A list with at least the following components:

OS.type

character string, giving the Operating System (family) of the computer. One of "unix" or "windows".

file.sep

character string, giving the file separator used on your platform: "/" on both Unix-alikes and on Windows (but not on the former port to Classic Mac OS).

dynlib.ext

character string, giving the file name extension of dynamically loadable libraries, e.g., ".dll" on Windows and ".so" or ".sl" on Unix-alikes. (Note for OS X users: these are shared objects as loaded by dyn.load and not dylibs: see dyn.load.)

GUI

character string, giving the type of GUI in use, or "unknown" if no GUI can be assumed. Possible values are for Unix-alikes the values given via the -g command-line flag ("X11", "Tk"), "AQUA" (running under R.app on OS X), "Rgui" and "RTerm" (Windows) and perhaps others under alternative front-ends or embedded R.

endian

character string, "big" or "little", giving the ‘endianness’ of the processor in use. This is relevant when it is necessary to know the order to read/write bytes of e.g. an integer or double from/to a connection: see readBin.

pkgType

character string, the preferred setting for options("pkgType"). Values "source", "mac.binary.mavericks" and "win.binary" are currently in use.

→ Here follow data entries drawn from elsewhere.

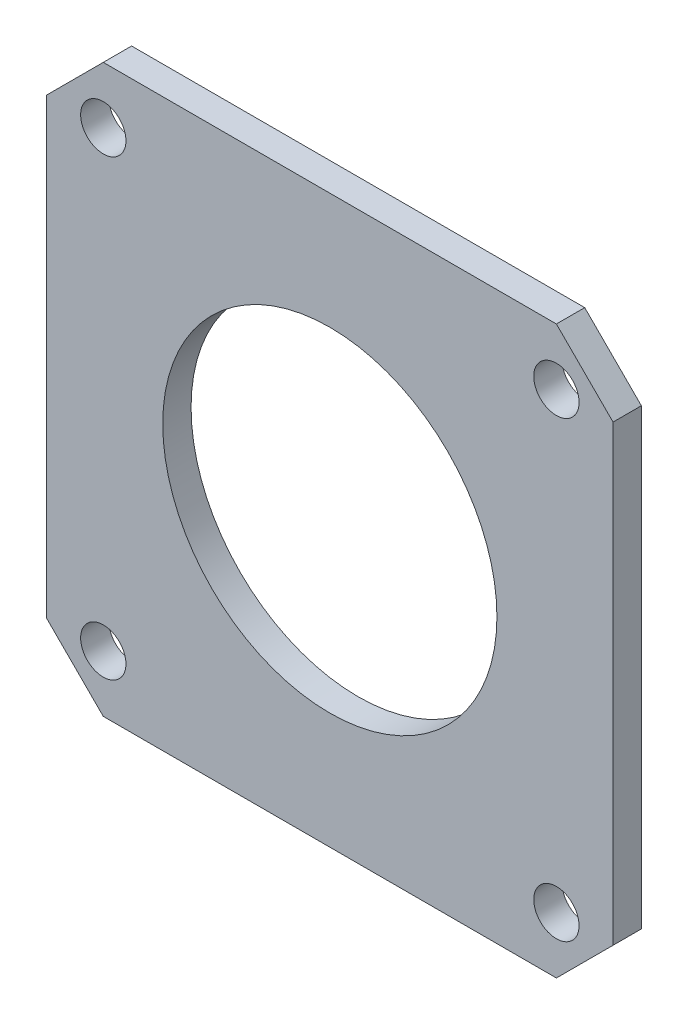
SolidWorks part; units mm, degrees
ref_plane "Front Plane" through (0, 0, 0) normal (0, 0, 1) x (1, 0, 0)
ref_plane "Top Plane" through (0, 0, 0) normal (0, 1, 0) x (1, 0, 0)
ref_plane "Right Plane" through (0, 0, 0) normal (1, 0, 0) x (0, 0, -1)
sketch "Sketch2" plane through (0, 0, 0) normal (0, 0, 1) x (1, 0, 0)
  line L8 (-40, 50) -> (-50, 40)
  line L9 (-40, 50) -> (40, 50)
  line L10 (-50, 40) -> (-50, -40)
  line L11 (-40, -50) -> (40, -50)
  line L12 (50, 40) -> (50, -40)
  line L13 (-50, 50) -> (50, -50) construction
  line L14 (-50, -50) -> (50, 50) construction
  line L15 (40, 50) -> (50, 40)
  line L16 (50, -40) -> (40, -50)
  line L17 (-50, -40) -> (-40, -50)
  circle A0 centre (0, 0) radius 29.5
  circle A1 centre (-40, 40) radius 4
  circle A2 centre (40, 40) radius 4
  circle A3 centre (40, -40) radius 4
  circle A4 centre (-40, -40) radius 4
  dimension "D1" = 59
  dimension "D3" = 8
  dimension "D2" = 100
  dimension "D4" = 10
  dimension "D9" = 10
  dimension "D10" = 10
  dimension "D11" = 10
  dimension "D12" = 80
extrude "Boss-Extrude2" add sketch "Sketch2" along normal blind 5

This should not be used to identify the OS.

path.sep

character string, giving the path separator, used on your platform, e.g., ":" on Unix-alikes and ";" on Windows. Used to separate paths in environment variables such as PATH and TEXINPUTS.

r_arch

character string, possibly "". The name of an architecture-specific directory used in this build of R.

AQUA

.Platform$GUI is set to "AQUA" under the OS X GUI, R.app. This has a number of consequences:

See Also

R.version and Sys.info give more details about the OS. In particular, R.version$platform is the canonical name of the platform under which R was compiled.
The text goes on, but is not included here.